Architecture Overview¶
┌─────────────────────────────────────────────────────────────┐
│ Google Cloud Platform │
├─────────────────────────────────────────────────────────────┤
│ │
│ ┌──────────────┐ ┌──────────────┐ ┌──────────────┐ │
│ │ Cloud Run │ │ Cloud Run │ │ Cloud SQL │ │
│ │ (web) │───▶│ (worker) │───▶│ PostgreSQL │ │
│ │ Port 8000 │ │ Port 8001 │ │ │ │
│ └──────────────┘ └──────────────┘ └──────────────┘ │
│ │ ▲ │
│ │ │ OIDC │
│ ▼ ┌──────┴───────┐ │
│ ┌──────────────┐ │ Cloud │ ┌──────────────┐ │
│ │ Cloud │ │ Scheduler │ │ Cloud │ │
│ │ Storage │ │ (cron) │ │ Secret Mgr │ │
│ │ (media) │ └──────────────┘ │ (secrets) │ │
│ └──────────────┘ └──────────────┘ │
│ │
│ ┌──────────────┐ ┌──────────────────────────────────┐ │
│ │ Cloud │ │ Artifact Registry (Docker) │ │
│ │ Tasks │ └──────────────────────────────────┘ │
│ │ (async) │ │
│ └──────────────┘ │
│ │
└─────────────────────────────────────────────────────────────┘
Prerequisites¶
Before deploying, ensure you have completed the Setup Cheatsheet:
- [x] gcloud CLI installed and authenticated
- [x] Project configured (
$GCP_PROJECT_ID) - [x] Required APIs enabled
- [x] Artifact Registry created (
$GCP_APP_NAME) - [x] Docker authentication configured
For production, also ensure:
- [x] Cloud SQL instance created ($GCP_APP_NAME-db)

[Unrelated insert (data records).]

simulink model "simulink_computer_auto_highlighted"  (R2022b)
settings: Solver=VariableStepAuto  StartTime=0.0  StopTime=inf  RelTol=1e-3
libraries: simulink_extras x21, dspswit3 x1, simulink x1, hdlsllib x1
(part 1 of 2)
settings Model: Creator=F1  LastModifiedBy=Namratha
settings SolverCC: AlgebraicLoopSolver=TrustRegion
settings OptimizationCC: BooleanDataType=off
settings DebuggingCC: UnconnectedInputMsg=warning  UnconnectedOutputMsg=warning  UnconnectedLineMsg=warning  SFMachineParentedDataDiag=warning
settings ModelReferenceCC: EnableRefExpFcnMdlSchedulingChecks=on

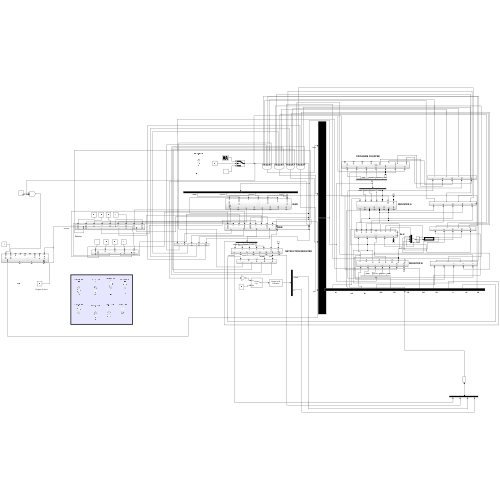
[thumbnail: Simulink's stored preview of the top-level diagram]
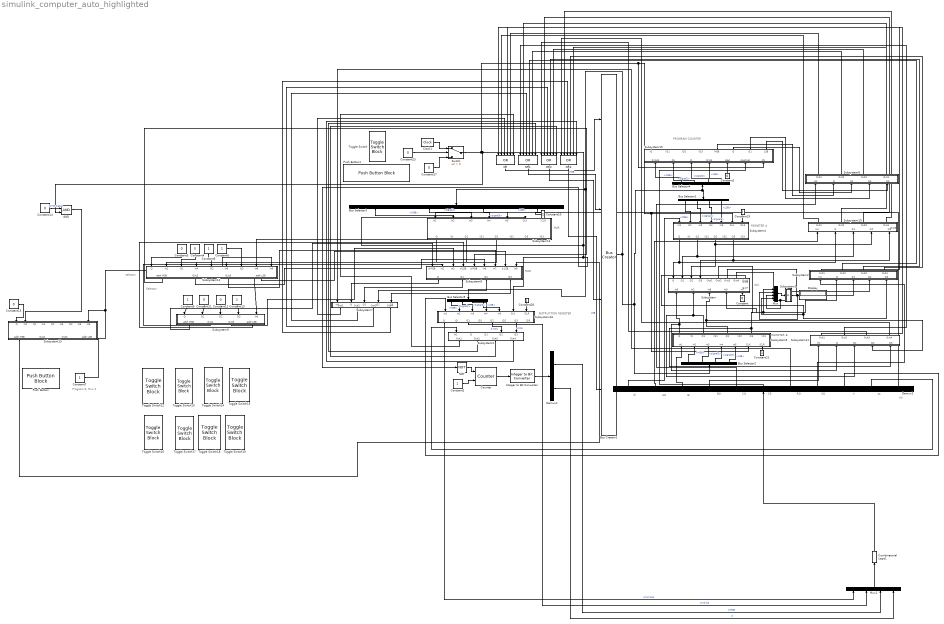
== system simulink_computer_auto_highlighted ==
  note: selector
  note: MI
  note: IO
  note: II
  note: SO
  note: RO
  note: CE
  note: CO
  note: BO
  note: BI
  note: AO
  note: AI
  note: MAR
  note: Program:0, Run:1
  note: ALU
  note: REGISTER B
  note: REGISTER A
  note: PROGRAM COUNTER
  note: RAM
  note: Selector
  note: INSTRUCTION REGISTER
  AND : Logic  IconShape=distinctive  AllPortsSameDT=off  OutDataTypeStr=boolean
  Bus Creator1 : BusCreator  Inputs=4
  Bus Selector{1..5} (5 alike) : BusSelector  OutputSignals=MSB,signal2,signal3,LSB
  Clock1 : simulink_extras/Flip Flops/Clock  period=2
  Combinatorial Logic1 : CombinatorialLogic  TruthTable=|
      | [0	0	0	0	1	0	0	0	0	0	1;
      | 0	0	0	0	0	1	1	0	1	0	0;
      | 0	0	0	0	0	0	0	0	0	1	1;
      | 1	0	0	0	0	0	1	0	0	0	0;
      | 0	0	0	0	1	0	0	0	0	0	1;
      | 0	0	0	0	0	1	1	0	1	0	0;
      | 0	0	1	0	0	0	0	0	0	1	0;
      | 0	0	0	0	0	0	0	0	0	0	0;
      | 0	0	0	0	1	0	0	0	0	0	1;
      | 0	0	0	0	0	1	1	0	1	0	0;
      | 0	0	1	0	0	0	0	1	0	0	0;
      | 0	0	0	0	0	0	0	0	0	0	0;
      | 0	0	0	0	0	0	0	0	0	0	0;
      | 0	0	0	0	0	0	0	0	0	0	0;
      | 0	0	0	0	0	0	0	0	0	0	0;
      | 0	0	0	0	0	0	0	0	0	0	0]
  Constant{,1,14..15,17,23} (6 alike) : Constant  Value=0
  Constant{2,10,19,21,28} (5 alike) : Constant
  Constant{3..4,11..12} (4 alike) : Constant  Value=0  OutDataTypeStr=boolean  LockScale=on
  Constant{5..7,9,13} (5 alike) : Constant  OutDataTypeStr=boolean  LockScale=on
  Counter : dspswit3/Counter  Direction=Up  CountEvent=Rising edge  CounterSize=User defined  MaxCount=3  InitialCount=0  Output=Count  HitValue=32  ResetInput=on  SamplesPerFrame=1  Ts=1  CntDtype=int16  HitDtype=Logical
  Demux1 : Demux  Outputs=2
  Demux2 : Demux  Outputs=11
  Display : Display
  Integer to Bit Converter : simulink/Logic and Bit Operations/Integer to Bit Converter  nbits=2  signedInputValues=Unsigned  bitOrder=MSB first  outDtype=boolean
      settings: LibrarySourceBlock=|
      | commutil2/Integer to Bit
      | Converter
  Mux : Mux
  Mux1 : Mux
  NOT : Logic  Operator=NOT  IconShape=distinctive  AllPortsSameDT=off  OutDataTypeStr=boolean
  OR{,1..3} (4 alike) : Logic  Operator=OR  Inputs=6  IconShape=distinctive  AllPortsSameDT=off  OutDataTypeStr=boolean
  Push Button : PushButtonBlock  OffValue=0.000000
  Push Button1 : PushButtonBlock  OffValue=0.000000
  Subsystem : Subsystem
      settings: PortSchema="{\"entries\":[{\"content\":{\"sides\":[{\"content\":{\"connectorIds\":[\"In1\",\"In2\",\"In3\",\"In4\",\"In5\"]},\"type\":\"ConnectorPlacement.EquallySpacedRectSide\",\"uuid\":\"d76b9681-1e35-4330-834d-a6fb8ece3ca6\"},{\"content\":{\"connectorIds\":[\"In6\",\"In7\",\"In8\",\"In9\",\"Out1\",\"Out2\",\"Out3\",\"Out4\",\"Out5\"],\"side\":\"RIGHT\"},\"type\":\"ConnectorPlacement.EquallySpacedRectSide\",\"uuid\":\"5f7e2d0d-b340-42cb-b0df-c47f3adaa3c8\"},{\"content\":{\"connectorIds\":[],\"side\":\"TOP\"},\"type\":\"ConnectorPlacement.EquallySpacedRectSide\",\"uuid\":\"9ba6019d-435d-4d43-af51-5a6472d9473c\"},{\"content\":{\"connectorIds\":[\"Out6\",\"Out7\"],\"side\":\"BOTTOM\"},\"type\":\"ConnectorPlacement.EquallySpacedRectSide\",\"uuid\":\"ff52050d-6b1c-4dc9-b693-b127a6983cae\"}]},\"type\":\"ConnectorPlacement.EquallySpacedConnector\",\"uuid\":\"63f40923-5384-474a-9ba8-b1a2be7f0fa2\"}],\"packageUris\":[\"http://schema.mathworks.com/mf0/Connector/R2020b\"],\"version\":\"1.0\"}"
  Subsystem1 : Subsystem
  Subsystem10 : Subsystem
      settings: PortSchema="{\"entries\":[{\"content\":{\"sides\":[{\"content\":{\"connectorIds\":[\"In1\",\"In2\",\"In3\",\"In4\",\"In5\"]},\"type\":\"ConnectorPlacement.EquallySpacedRectSide\",\"uuid\":\"be1d6c7a-a71e-4dd8-8c15-a91081576af0\"},{\"content\":{\"connectorIds\":[\"Out1\",\"Out2\",\"Out3\",\"Out4\"],\"side\":\"RIGHT\"},\"type\":\"ConnectorPlacement.EquallySpacedRectSide\",\"uuid\":\"047de8eb-1583-4af5-9052-d7fc7813080f\"},{\"content\":{\"connectorIds\":[],\"side\":\"TOP\"},\"type\":\"ConnectorPlacement.EquallySpacedRectSide\",\"uuid\":\"384f979b-6520-4a26-a075-1614f2aab292\"},{\"content\":{\"connectorIds\":[\"Out5\"],\"side\":\"BOTTOM\"},\"type\":\"ConnectorPlacement.EquallySpacedRectSide\",\"uuid\":\"fda4a962-651a-4873-b6d0-34c5738e96d2\"}]},\"type\":\"ConnectorPlacement.EquallySpacedConnector\",\"uuid\":\"d67f7e62-ac02-4d91-8456-d744cd866721\"}],\"packageUris\":[\"http://schema.mathworks.com/mf0/Connector/R2020b\"],\"version\":\"1.0\"}"
  Subsystem11 : Subsystem
  Subsystem12 : Subsystem
  Subsystem13 : Subsystem
  Subsystem14 : Subsystem
  Subsystem15 : Subsystem
  Subsystem16 : Subsystem
  Subsystem2 : Subsystem
  Subsystem3 : Subsystem
  Subsystem4 : Subsystem
  Subsystem5 : Subsystem
  Subsystem6 : Subsystem
  Subsystem7 : Subsystem
  Subsystem8 : Subsystem
  Subsystem9 : Subsystem
  Switch : Switch  Criteria=u2 > Threshold  SaturateOnIntegerOverflow=off  InputSameDT=off
  Toggle Switch{,12..19} (9 alike) : ToggleSwitchBlock
      settings: Values={{'Off', 'On'}, [0 1]}
  wires:
  Subsystem11/3(Out3) -> OR2/1
  Subsystem7/4(Out4) -> OR3/3
  Subsystem10/1(Out1) -> OR/2
  Subsystem11/4(Out4) -> OR3/1
  Subsystem4/3(Q1) -> Subsystem/7(Q1), Subsystem10/3(Q1)
  Bus Selector1/1 -> Subsystem4/2(In2)  "<MSB>"
  OR/1 -> Bus Creator1/1  "MSB"
  Subsystem7/1(Out1) -> OR/3
  Constant21/1 -> Subsystem5/7(!CLR)
  OR3/1 -> Bus Creator1/4  "LSB"
  Constant19/1 -> Subsystem4/7(!CLR)
  Bus Selector2/2 -> Subsystem5/3(In3)  "<signal2>"
  Bus Selector2/4 -> Subsystem5/5(In5)  "<LSB>"
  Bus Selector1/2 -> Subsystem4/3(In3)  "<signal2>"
simulink library "HyEQ_Library_R2012a"  (R2017a)
settings: Solver=ode45  StartTime=0.0  StopTime=T  MaxStep=MaxStep  RelTol=RelTol  EnableMultiTasking=on
undefined symbols (not defined in the file): C, D, f, g, J, maxU, maxX, minU, rule, T, Tnmax, Tnmin, x0, x0ADC, x0NET
libraries: simulink x24
(part 3 of 3)

== matlab function HyEQ_Library_R2012a/Cyber Physical Systems/FSM/jump map g ==
  data: x input; xplus output; u input
function xplus = g(x, u)
%--------------------------------------------------------------------------
% Matlab M-file Project: HyEQ Toolbox @  Hybrid Systems Laboratory (HSL), 
% https://hybrid.soe.ucsc.edu/software
% http://hybridsimulator.wordpress.com/
%--------------------------------------------------------------------------
% Project: Simulation of a hybrid system Finite state machine (FSM)
% Description: Jump map
%--------------------------------------------------------------------------
%--------------------------------------------------------------------------
%   See also HYEQSOLVER, PLOTARC, PLOTARC3, PLOTFLOWS, PLOTHARC,
%   PLOTHARCCOLOR, PLOTHARCCOLOR3D, PLOTHYBRIDARC, PLOTJUMPS.
%   Copyright @ Hybrid Systems Laboratory (HSL),
%   Revision: 0.0.0.3 Date: 05/20/2015 3:42:00
%--------------------------------------------------------------------------
% jump map: xplus = g(x,u);

n = length(x); % size of the q state
qplus = zeros(n,1); % dynamics of the q state
% e.g., 
qplus(1) = 3-u(1);
qplus(2) = 3-u(2);

xplus = [qplus];

== matlab function HyEQ_Library_R2012a/Cyber Physical Systems/FSM/jump set D ==
  data: x input; v output; u input
function v  = D(x, u) 
%--------------------------------------------------------------------------
% Matlab M-file Project: HyEQ Toolbox @  Hybrid Systems Laboratory (HSL), 
% https://hybrid.soe.ucsc.edu/software
% http://hybridsimulator.wordpress.com/
%--------------------------------------------------------------------------
% Project: Simulation of a hybrid system Finite state machine (FSM)
% Description: Jump set
%--------------------------------------------------------------------------
%--------------------------------------------------------------------------
%   See also HYEQSOLVER, PLOTARC, PLOTARC3, PLOTFLOWS, PLOTHARC,
%   PLOTHARCCOLOR, PLOTHARCCOLOR3D, PLOTHYBRIDARC, PLOTJUMPS.
%   Copyright @ Hybrid Systems Laboratory (HSL),
%   Revision: 0.0.0.3 Date: 05/20/2015 3:42:00
%
% Check on jump conditions
% % E.g.,
% if (x(1) <= u(1)) && (x(2) <= 0)  % jump condition
%     v = 1;  % report jump
% else
%     v = 0;   % do not report jump
% end

n = length(x); % size of the q state
qplus = zeros(n,1); % dynamics of the q state
% e.g., 
qplus(1) = 3-u(1);
qplus(2) = 3-u(2);
if x(1)==qplus(1) && x(2)==qplus(2)
    v = 0; % do not report jump
else
    v = 1; % report jump
end

== matlab function HyEQ_Library_R2012a/Cyber Physical Systems/HSu/flow map f ==
  data: x input; xdot output; u input
function xdot = f(x, u)
%--------------------------------------------------------------------------
% Matlab M-file Project: HyEQ Toolbox @  Hybrid Systems Laboratory (HSL), 
% https://hybrid.soe.ucsc.edu/software
% http://hybridsimulator.wordpress.com/
%--------------------------------------------------------------------------
% Project: Simulation of a hybrid system (plant with constraints in the
% state and the input)
% Description: Flow map
%--------------------------------------------------------------------------
%--------------------------------------------------------------------------
%   See also HYEQSOLVER, PLOTARC, PLOTARC3, PLOTFLOWS, PLOTHARC,
%   PLOTHARCCOLOR, PLOTHARCCOLOR3D, PLOTHYBRIDARC, PLOTJUMPS.
%   Copyright @ Hybrid Systems Laboratory (HSL),
%   Revision: 0.0.0.3 Date: 05/20/2015 3:42:00
%--------------------------------------------------------------------------
% flow map: xdot=f(x,u);

x3 = x(3);
xdot = [sin(x3);cos(x3);u];

== matlab function HyEQ_Library_R2012a/Cyber Physical Systems/HSu/flow set C ==
  data: x input; v output; u input; minU parameter; maxU parameter; maxX parameter
function v  = C(x, u, minU, maxU, maxX) 
%--------------------------------------------------------------------------
% Matlab M-file Project: HyEQ Toolbox @  Hybrid Systems Laboratory (HSL), 
% https://hybrid.soe.ucsc.edu/software
% http://hybridsimulator.wordpress.com/
%--------------------------------------------------------------------------
% Project: Simulation of a hybrid system
% Description: Flow set
%--------------------------------------------------------------------------
%--------------------------------------------------------------------------
%   See also HYEQSOLVER, PLOTARC, PLOTARC3, PLOTFLOWS, PLOTHARC,
%   PLOTHARCCOLOR, PLOTHARCCOLOR3D, PLOTHYBRIDARC, PLOTJUMPS.
%   Copyright @ Hybrid Systems Laboratory (HSL),
%   Revision: 0.0.0.3 Date: 05/20/2015 3:42:00
%
% Check on flow conditions
% E.g.,
% if (x(1) >= u(1))  % flow condition
%     v = 1;  % report flow
% else
%     v = 0;   % do not report flow
% end

x1 = x(1);
x2 = x(2);


if u>=minU && u<=maxU && x1^2+x2^2<= maxX^2
    v = 1; % report flow
else
    v = 0; % do not report flow
end

== matlab function HyEQ_Library_R2012a/Cyber Physical Systems/HSu/jump map g ==
  data: x input; xplus output; u input
function xplus = g(x, u)
%--------------------------------------------------------------------------
% Matlab M-file Project: HyEQ Toolbox @  Hybrid Systems Laboratory (HSL), 
% https://hybrid.soe.ucsc.edu/software
% http://hybridsimulator.wordpress.com/
%--------------------------------------------------------------------------
% Project: Simulation of a hybrid system
% Description: Jump map
%--------------------------------------------------------------------------
%--------------------------------------------------------------------------
%   See also HYEQSOLVER, PLOTARC, PLOTARC3, PLOTFLOWS, PLOTHARC,
%   PLOTHARCCOLOR, PLOTHARCCOLOR3D, PLOTHYBRIDARC, PLOTJUMPS.
%   Copyright @ Hybrid Systems Laboratory (HSL),
%   Revision: 0.0.0.3 Date: 05/20/2015 3:42:00
%--------------------------------------------------------------------------
% jump map: xplus = g(x,u);

n = length(x);
xplus = zeros(n,1);

== matlab function HyEQ_Library_R2012a/Cyber Physical Systems/HSu/jump set D ==
  data: x input; v output; u input
function v  = D(x, u) 
%--------------------------------------------------------------------------
% Matlab M-file Project: HyEQ Toolbox @  Hybrid Systems Laboratory (HSL), 
% https://hybrid.soe.ucsc.edu/software
% http://hybridsimulator.wordpress.com/
%--------------------------------------------------------------------------
% Project: Simulation of a hybrid system
% Description: Jump set
%--------------------------------------------------------------------------
%--------------------------------------------------------------------------
%   See also HYEQSOLVER, PLOTARC, PLOTARC3, PLOTFLOWS, PLOTHARC,
%   PLOTHARCCOLOR, PLOTHARCCOLOR3D, PLOTHYBRIDARC, PLOTJUMPS.
%   Copyright @ Hybrid Systems Laboratory (HSL),
%   Revision: 0.0.0.3 Date: 05/20/2015 3:42:00
%
% Check on jump conditions
% % E.g.,
% if (x(1) <= u(1)) && (x(2) <= 0)  % jump condition
%     v = 1;  % report jump
% else
%     v = 0;   % do not report jump
% end

v = 0; % do not report jump

== matlab function HyEQ_Library_R2012a/Cyber Physical Systems/network/flow map f ==
  data: x input; xdot output; vs input
function xdot = f(x,vs)
%--------------------------------------------------------------------------
% Matlab M-file Project: HyEQ Toolbox @  Hybrid Systems Laboratory (HSL), 
% https://hybrid.soe.ucsc.edu/software
% http://hybridsimulator.wordpress.com/
%--------------------------------------------------------------------------
% Project: Simulation of a hybrid system Digital network (net) 
% Description: Flow map
%--------------------------------------------------------------------------
%--------------------------------------------------------------------------
%   See also HYEQSOLVER, PLOTARC, PLOTARC3, PLOTFLOWS, PLOTHARC,
%   PLOTHARCCOLOR, PLOTHARCCOLOR3D, PLOTHYBRIDARC, PLOTJUMPS.
%   Copyright @ Hybrid Systems Laboratory (HSL),
%   Revision: 0.0.0.3 Date: 05/20/2015 3:42:00

n = length(vs); % measured input size

msdot = zeros(n,1); % measured continuous dynamics
tau_sdot = -1; % Timer tau_s
xdot = [msdot;tau_sdot];

== matlab function HyEQ_Library_R2012a/Cyber Physical Systems/network/flow set C ==
  data: x input; v output; vs input; Tnmax parameter
function v  = C(x, vs, Tnmax) 
%--------------------------------------------------------------------------
% Matlab M-file Project: HyEQ Toolbox @  Hybrid Systems Laboratory (HSL), 
% https://hybrid.soe.ucsc.edu/software
% http://hybridsimulator.wordpress.com/
%--------------------------------------------------------------------------
% Project: Simulation of a hybrid system Digital network (net) 
% Description: Flow set
%--------------------------------------------------------------------------
%--------------------------------------------------------------------------
%   See also HYEQSOLVER, PLOTARC, PLOTARC3, PLOTFLOWS, PLOTHARC,
%   PLOTHARCCOLOR, PLOTHARCCOLOR3D, PLOTHYBRIDARC, PLOTJUMPS.
%   Copyright @ Hybrid Systems Laboratory (HSL),
%   Revision: 0.0.0.3 Date: 05/20/2015 3:42:00
%
% Check on flow conditions
% E.g.,
% if (x(1) >= u(1))  % flow condition
%     v = 1;  % report flow
% else
%     v = 0;   % do not report flow
% end

n = length(vs); % measured input size

tau_s = x(end); % timer state

if tau_s>=0 && tau_s<= Tnmax
    v = 1; % report flow
elseif tau_s> Tnmax
    v = 0; % do not report flow
else
    v = 0;
end

== matlab function HyEQ_Library_R2012a/Cyber Physical Systems/network/jump map g ==
  data: x input; xplus output; vs input; Tnmax parameter; Tnmin parameter
function xplus = g(x, vs, Tnmax, Tnmin)
%--------------------------------------------------------------------------
% Matlab M-file Project: HyEQ Toolbox @  Hybrid Systems Laboratory (HSL), 
% https://hybrid.soe.ucsc.edu/software
% http://hybridsimulator.wordpress.com/
%--------------------------------------------------------------------------
% Project: Simulation of a hybrid system Analog-to-Digital converter (ADC) 
% Description: Jump map
%--------------------------------------------------------------------------
%--------------------------------------------------------------------------
%   See also HYEQSOLVER, PLOTARC, PLOTARC3, PLOTFLOWS, PLOTHARC,
%   PLOTHARCCOLOR, PLOTHARCCOLOR3D, PLOTHYBRIDARC, PLOTJUMPS.
%   Copyright @ Hybrid Systems Laboratory (HSL),
%   Revision: 0.0.0.3 Date: 05/20/2015 3:42:00


n = length(vs); % measured input size

msplus = vs; % output = measured input
% The value tau_s is updated as a function of vs, e.g., 
tau_splus = mean(vs); % Timer tau_s
tau_splus = min(max(tau_splus,Tnmin),Tnmax);
xplus = [msplus;tau_splus];

== matlab function HyEQ_Library_R2012a/Cyber Physical Systems/network/jump set D ==
  data: x input; v output; vs input
function v  = D(x, vs) 
%--------------------------------------------------------------------------
% Matlab M-file Project: HyEQ Toolbox @  Hybrid Systems Laboratory (HSL), 
% https://hybrid.soe.ucsc.edu/software
% http://hybridsimulator.wordpress.com/
%--------------------------------------------------------------------------
% Project: Simulation of a hybrid system Analog-to-Digital converter (ADC) 
% Description: Jump set
%--------------------------------------------------------------------------
%--------------------------------------------------------------------------
%   See also HYEQSOLVER, PLOTARC, PLOTARC3, PLOTFLOWS, PLOTHARC,
%   PLOTHARCCOLOR, PLOTHARCCOLOR3D, PLOTHYBRIDARC, PLOTJUMPS.
%   Copyright @ Hybrid Systems Laboratory (HSL),
%   Revision: 0.0.0.3 Date: 05/20/2015 3:42:00
%
% Check on jump conditions
% % E.g.,
% if (x(1) <= u(1)) && (x(2) <= 0)  % jump condition
%     v = 1;  % report jump
% else
%     v = 0;   % do not report jump
% end

n = length(vs); % measured input size

tau_s = x(end); % timer state

if tau_s>=0
    v = 0; % do not report jump
elseif tau_s<= 0
    v = 1; % report jump
else
    v = 0;
end
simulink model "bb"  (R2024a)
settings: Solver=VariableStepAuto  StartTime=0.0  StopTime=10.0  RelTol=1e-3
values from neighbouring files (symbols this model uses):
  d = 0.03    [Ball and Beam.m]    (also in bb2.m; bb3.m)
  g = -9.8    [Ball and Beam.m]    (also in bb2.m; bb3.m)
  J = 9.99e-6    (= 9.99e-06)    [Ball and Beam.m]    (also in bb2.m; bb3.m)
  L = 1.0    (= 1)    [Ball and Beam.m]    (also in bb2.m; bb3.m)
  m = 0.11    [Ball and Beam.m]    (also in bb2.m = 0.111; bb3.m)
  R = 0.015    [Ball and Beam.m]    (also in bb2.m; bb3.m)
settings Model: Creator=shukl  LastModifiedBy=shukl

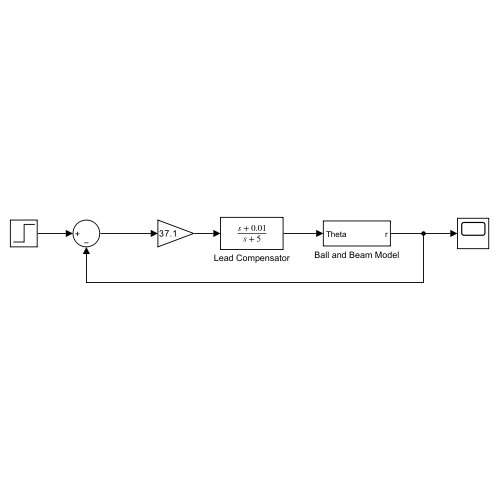
[thumbnail: Simulink's stored preview of the top-level diagram]
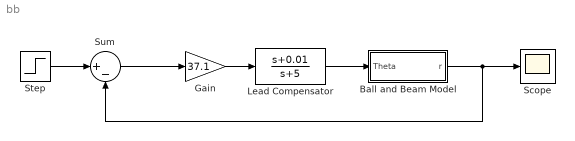
== system bb ==
  Ball and Beam Model : Subsystem
  Gain : Gain  Gain=37.1
  Lead Compensator : TransferFcn  Numerator=[1 0.01]  Denominator=[1 5]
  Scope : Scope
  Step : Step  SampleTime=0
  Sum : Sum  Inputs=|+-
  wires:
  Ball and Beam Model/1(r) -> Sum/2, Scope/1
  Lead Compensator/1 -> Ball and Beam Model/1(Theta)
  Step/1 -> Sum/1
  Sum/1 -> Gain/1
  Gain/1 -> Lead Compensator/1

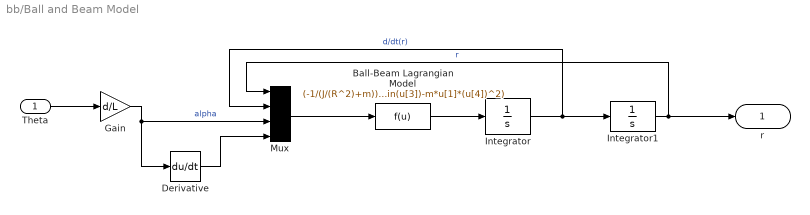
== system bb/Ball and Beam Model ==
  Theta : Inport
  Ball-Beam Lagrangian Model : Fcn  Expr=(-1/(J/(R^2)+m))*(m*g*sin(u[3])-m*u[1]*(u[4])^2)
  Derivative : Derivative
  Gain : Gain  Gain=d/L
  Integrator : Integrator
  Integrator1 : Integrator
  Mux : Mux
  r : Outport
  wires:
  Ball-Beam Lagrangian Model/1 -> Integrator/1
  Theta/1 -> Gain/1
  Integrator1/1 -> Mux/1, r/1  "r"
  Integrator/1 -> Mux/2, Integrator1/1  "d/dt(r)"
  Derivative/1 -> Mux/4
  Gain/1 -> Derivative/1, Mux/3  "alpha"
  Mux/1 -> Ball-Beam Lagrangian Model/1

- [x] Database and user created
- [x] Secret Manager configured (django-env)
Pre-Deployment Checks¶
Before every deployment, run tests and linting:
Optionally, run Django's deployment security checks against production settings:
# Check production settings (may require some env vars to be set)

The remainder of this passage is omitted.